Over the years I have periodically written about a group of paintings that were considered my Dark Work that were painted in the year or so after 9/11. The piece shown above is one of these paintings, painted sometime in early 2002. I very seldom consider a painting being for myself only but this one has always felt, from the very minute it was completed, as though it should stay with me.

It is titled  Stranger (In a Strange Land) which is derived from the title of Robert Heinlein’s famous sci-fi novel which in turn was derived from the words of Moses in Exodus 2:22, shown here at the top. The name Gershom is derived from the Hebrew words ger which means stranger or temporary resident and sham which means there. Together Gershom means a stranger there. It is defined now as either exile or sojourner.

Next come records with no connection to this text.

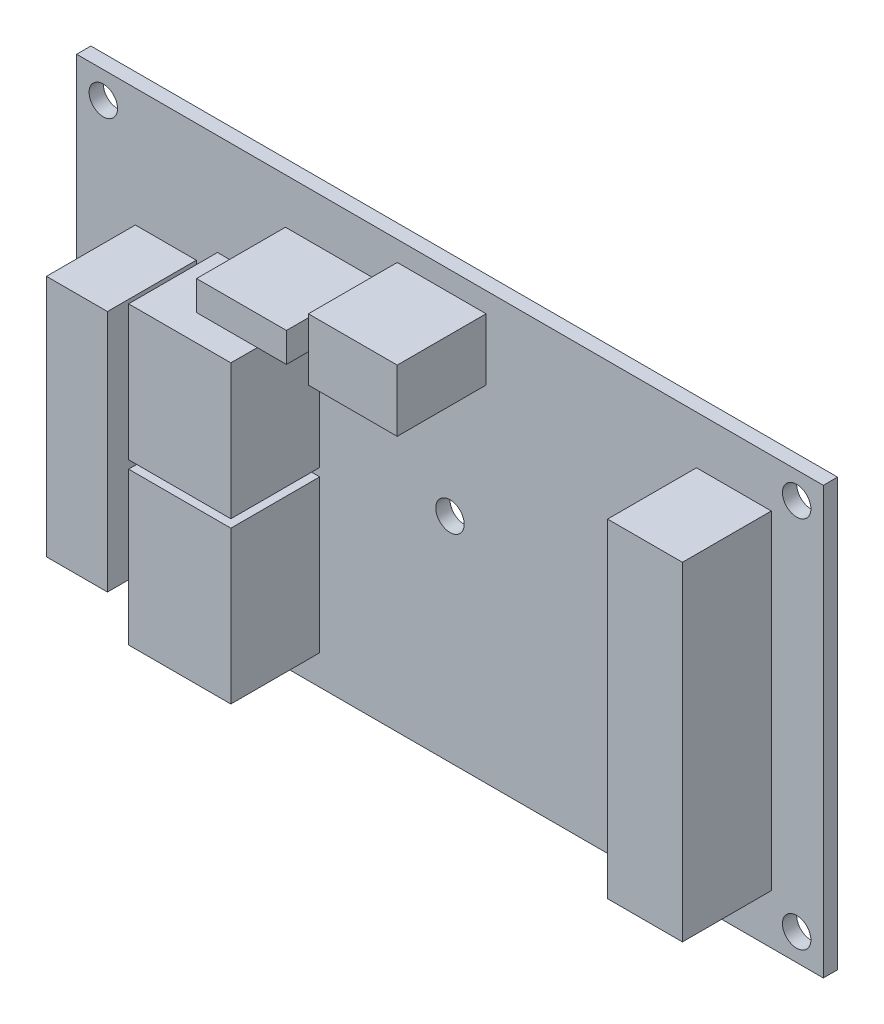
ISO-10303-21;
HEADER;
FILE_DESCRIPTION(('STEP AP214'),'2;1');
FILE_NAME('part.step','',(''),(''),'','','');
FILE_SCHEMA(('AUTOMOTIVE_DESIGN { 1 0 10303 214 1 1 1 1 }'));
ENDSEC;
DATA;
#1=APPLICATION_CONTEXT('core data for automotive mechanical design processes');
#2=APPLICATION_PROTOCOL_DEFINITION('international standard','automotive_design',2000,#1);
#3=PRODUCT_CONTEXT('',#1,'mechanical');
#4=PRODUCT('Part','Part','',(#3));
#5=PRODUCT_RELATED_PRODUCT_CATEGORY('part','',(#4));
#6=PRODUCT_DEFINITION_FORMATION('','',#4);
#7=PRODUCT_DEFINITION_CONTEXT('part definition',#1,'design');
#8=PRODUCT_DEFINITION('design','',#6,#7);
#9=PRODUCT_DEFINITION_SHAPE('','',#8);
#10=(LENGTH_UNIT() NAMED_UNIT(*) SI_UNIT(.MILLI.,.METRE.));
#11=(NAMED_UNIT(*) PLANE_ANGLE_UNIT() SI_UNIT($,.RADIAN.));
#12=(NAMED_UNIT(*) SI_UNIT($,.STERADIAN.) SOLID_ANGLE_UNIT());
#13=UNCERTAINTY_MEASURE_WITH_UNIT(LENGTH_MEASURE(1.E-05),#10,'distance_accuracy_value','');
#14=(GEOMETRIC_REPRESENTATION_CONTEXT(3) GLOBAL_UNCERTAINTY_ASSIGNED_CONTEXT((#13)) GLOBAL_UNIT_ASSIGNED_CONTEXT((#10,
#11,#12)) REPRESENTATION_CONTEXT('',''));
#15=CARTESIAN_POINT('',(0.,0.,0.));
#16=DIRECTION('',(0.,0.,1.));
#17=DIRECTION('',(1.,0.,0.));
#18=AXIS2_PLACEMENT_3D('',#15,#16,#17);
#19=CARTESIAN_POINT('',(0.,0.,0.8));
#20=DIRECTION('',(0.,0.,1.));
#21=DIRECTION('',(1.,0.,0.));
#22=AXIS2_PLACEMENT_3D('',#19,#20,#21);
#23=PLANE('',#22);
#24=CARTESIAN_POINT('',(-39.,21.,0.8));
#25=DIRECTION('',(0.,0.,1.));
#26=DIRECTION('',(1.,0.,0.));
#27=AXIS2_PLACEMENT_3D('',#24,#25,#26);
#28=CIRCLE('',#27,1.6);
#29=CARTESIAN_POINT('',(-37.4,21.,0.8));
#30=VERTEX_POINT('',#29);
#31=EDGE_CURVE('E395',#30,#30,#28,.T.);
#32=ORIENTED_EDGE('',*,*,#31,.F.);
#33=EDGE_LOOP('',(#32));
#34=FACE_BOUND('',#33,.T.);
#35=CARTESIAN_POINT('',(0.,0.,0.8));
#36=DIRECTION('',(0.,0.,1.));
#37=DIRECTION('',(1.,0.,0.));
#38=AXIS2_PLACEMENT_3D('',#35,#36,#37);
#39=CIRCLE('',#38,1.6);
#40=CARTESIAN_POINT('',(1.6,0.,0.8));
#41=VERTEX_POINT('',#40);
#42=EDGE_CURVE('E401',#41,#41,#39,.T.);
#43=ORIENTED_EDGE('',*,*,#42,.F.);
#44=EDGE_LOOP('',(#43));
#45=FACE_BOUND('',#44,.T.);
#46=CARTESIAN_POINT('',(39.,21.,0.8));
#47=DIRECTION('',(0.,0.,1.));
#48=DIRECTION('',(1.,0.,0.));
#49=AXIS2_PLACEMENT_3D('',#46,#47,#48);
#50=CIRCLE('',#49,1.6);
#51=CARTESIAN_POINT('',(40.6,21.,0.8));
#52=VERTEX_POINT('',#51);
#53=EDGE_CURVE('E407',#52,#52,#50,.T.);
#54=ORIENTED_EDGE('',*,*,#53,.F.);
#55=EDGE_LOOP('',(#54));
#56=FACE_BOUND('',#55,.T.);
#57=CARTESIAN_POINT('',(39.,-21.,0.8));
#58=DIRECTION('',(0.,0.,1.));
#59=DIRECTION('',(1.,0.,0.));
#60=AXIS2_PLACEMENT_3D('',#57,#58,#59);
#61=CIRCLE('',#60,1.6);
#62=CARTESIAN_POINT('',(40.6,-21.,0.8));
#63=VERTEX_POINT('',#62);
#64=EDGE_CURVE('E390',#63,#63,#61,.T.);
#65=ORIENTED_EDGE('',*,*,#64,.F.);
#66=EDGE_LOOP('',(#65));
#67=FACE_BOUND('',#66,.T.);
#68=CARTESIAN_POINT('',(-39.,-21.,0.8));
#69=DIRECTION('',(0.,0.,1.));
#70=DIRECTION('',(1.,0.,0.));
#71=AXIS2_PLACEMENT_3D('',#68,#69,#70);
#72=CIRCLE('',#71,1.6);
#73=CARTESIAN_POINT('',(-37.4,-21.,0.8));
#74=VERTEX_POINT('',#73);
#75=EDGE_CURVE('E394',#74,#74,#72,.T.);
#76=ORIENTED_EDGE('',*,*,#75,.F.);
#77=EDGE_LOOP('',(#76));
#78=FACE_BOUND('',#77,.T.);
#79=DIRECTION('',(0.,-1.,0.));
#80=VECTOR('',#79,1.);
#81=CARTESIAN_POINT('',(-42.,24.,0.8));
#82=LINE('',#81,#80);
#83=CARTESIAN_POINT('',(-42.,24.,0.8));
#84=VERTEX_POINT('',#83);
#85=CARTESIAN_POINT('',(-42.,-24.,0.8));
#86=VERTEX_POINT('',#85);
#87=EDGE_CURVE('E421',#84,#86,#82,.T.);
#88=ORIENTED_EDGE('',*,*,#87,.T.);
#89=DIRECTION('',(1.,0.,0.));
#90=VECTOR('',#89,1.);
#91=CARTESIAN_POINT('',(-42.,-24.,0.8));
#92=LINE('',#91,#90);
#93=CARTESIAN_POINT('',(42.,-24.,0.8));
#94=VERTEX_POINT('',#93);
#95=EDGE_CURVE('E424',#86,#94,#92,.T.);
#96=ORIENTED_EDGE('',*,*,#95,.T.);
#97=DIRECTION('',(0.,1.,0.));
#98=VECTOR('',#97,1.);
#99=CARTESIAN_POINT('',(42.,24.,0.8));
#100=LINE('',#99,#98);
#101=CARTESIAN_POINT('',(42.,24.,0.8));
#102=VERTEX_POINT('',#101);
#103=EDGE_CURVE('E427',#94,#102,#100,.T.);
#104=ORIENTED_EDGE('',*,*,#103,.T.);
#105=DIRECTION('',(-1.,0.,0.));
#106=VECTOR('',#105,1.);
#107=CARTESIAN_POINT('',(-42.,24.,0.8));
#108=LINE('',#107,#106);
#109=EDGE_CURVE('E429',#102,#84,#108,.T.);
#110=ORIENTED_EDGE('',*,*,#109,.T.);
#111=EDGE_LOOP('',(#88,#96,#104,#110));
#112=FACE_BOUND('',#111,.T.);
#113=DIRECTION('',(1.,0.,0.));
#114=VECTOR('',#113,1.);
#115=CARTESIAN_POINT('',(-35.397250685937,-16.6681885271844,0.8));
#116=LINE('',#115,#114);
#117=CARTESIAN_POINT('',(-35.397250685937,-16.6681885271844,0.8));
#118=VERTEX_POINT('',#117);
#119=CARTESIAN_POINT('',(-28.5351315170392,-16.6681885271844,0.8));
#120=VERTEX_POINT('',#119);
#121=EDGE_CURVE('E375',#118,#120,#116,.T.);
#122=ORIENTED_EDGE('',*,*,#121,.F.);
#123=DIRECTION('',(0.,-1.,0.));
#124=VECTOR('',#123,1.);
#125=CARTESIAN_POINT('',(-35.397250685937,-16.6681885271844,0.8));
#126=LINE('',#125,#124);
#127=CARTESIAN_POINT('',(-35.397250685937,10.6639361750477,0.8));
#128=VERTEX_POINT('',#127);
#129=EDGE_CURVE('E361',#128,#118,#126,.T.);
#130=ORIENTED_EDGE('',*,*,#129,.F.);
#131=DIRECTION('',(-1.,0.,0.));
#132=VECTOR('',#131,1.);
#133=CARTESIAN_POINT('',(-35.397250685937,10.6639361750477,0.8));
#134=LINE('',#133,#132);
#135=CARTESIAN_POINT('',(-28.5351315170392,10.6639361750477,0.8));
#136=VERTEX_POINT('',#135);
#137=EDGE_CURVE('E366',#136,#128,#134,.T.);
#138=ORIENTED_EDGE('',*,*,#137,.F.);
#139=DIRECTION('',(0.,1.,0.));
#140=VECTOR('',#139,1.);
#141=CARTESIAN_POINT('',(-28.5351315170392,-16.6681885271844,0.8));
#142=LINE('',#141,#140);
#143=EDGE_CURVE('E377',#120,#136,#142,.T.);
#144=ORIENTED_EDGE('',*,*,#143,.F.);
#145=EDGE_LOOP('',(#122,#130,#138,#144));
#146=FACE_BOUND('',#145,.T.);
#147=DIRECTION('',(1.,0.,0.));
#148=VECTOR('',#147,1.);
#149=CARTESIAN_POINT('',(-18.5116651227524,15.5760843348832,0.8));
#150=LINE('',#149,#148);
#151=CARTESIAN_POINT('',(-18.5116651227524,15.5760843348832,0.8));
#152=VERTEX_POINT('',#151);
#153=CARTESIAN_POINT('',(-8.40103586189882,15.5760843348832,0.8));
#154=VERTEX_POINT('',#153);
#155=EDGE_CURVE('E346',#152,#154,#150,.T.);
#156=ORIENTED_EDGE('',*,*,#155,.F.);
#157=DIRECTION('',(0.,-1.,0.));
#158=VECTOR('',#157,1.);
#159=CARTESIAN_POINT('',(-18.5116651227524,15.5760843348832,0.8));
#160=LINE('',#159,#158);
#161=CARTESIAN_POINT('',(-18.5116651227524,18.8889284426793,0.8));
#162=VERTEX_POINT('',#161);
#163=EDGE_CURVE('E332',#162,#152,#160,.T.);
#164=ORIENTED_EDGE('',*,*,#163,.F.);
#165=DIRECTION('',(-1.,0.,0.));
#166=VECTOR('',#165,1.);
#167=CARTESIAN_POINT('',(-18.5116651227524,18.8889284426793,0.8));
#168=LINE('',#167,#166);
#169=CARTESIAN_POINT('',(-8.40103586189882,18.8889284426793,0.8));
#170=VERTEX_POINT('',#169);
#171=EDGE_CURVE('E337',#170,#162,#168,.T.);
#172=ORIENTED_EDGE('',*,*,#171,.F.);
#173=DIRECTION('',(0.,1.,0.));
#174=VECTOR('',#173,1.);
#175=CARTESIAN_POINT('',(-8.40103586189882,15.5760843348832,0.8));
#176=LINE('',#175,#174);
#177=EDGE_CURVE('E348',#154,#170,#176,.T.);
#178=ORIENTED_EDGE('',*,*,#177,.F.);
#179=EDGE_LOOP('',(#156,#164,#172,#178));
#180=FACE_BOUND('',#179,.T.);
#181=DIRECTION('',(1.,0.,0.));
#182=VECTOR('',#181,1.);
#183=CARTESIAN_POINT('',(-5.93226889267909,14.801458918146,0.8));
#184=LINE('',#183,#182);
#185=CARTESIAN_POINT('',(-5.93226889267909,14.801458918146,0.8));
#186=VERTEX_POINT('',#185);
#187=CARTESIAN_POINT('',(4.06338143256795,14.801458918146,0.8));
#188=VERTEX_POINT('',#187);
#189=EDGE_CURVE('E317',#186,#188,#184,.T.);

The landscape in this piece has an eerie, alien feel to it under that ominous sky. When I look at it I am instantly reminded of the feeling of that sense of not belonging that I have often felt throughout my life, as though I was that stranger in that strange land. The rolling field rows in the foreground remind me just a bit of the Levite cloth that adorned Moses when he was discovered in the Nile as an infant, a symbol of origin and heritage that acts as a comforting element here, almost like a swaddling blanket for the stranger as he views the landscape before him.

As I said, it is one of those rare pieces that I feel is for me alone, that has only personal meaning, even though I am sure there are others who will recognize that same feeling in this. For me  this painting symbolizes so much that feeling of alienation that I have experienced for much of my life, that same feeling from which my other more optimistic and hopeful work sprung as a reaction to it. Perhaps this is where I saw myself as being and the more hopeful work was where I aspired to be.

Anyway, that’s enough for my five-cent psychology  lesson for today.  In short, this is a piece that I see as elemental to who I am and where I am going. This one stays put.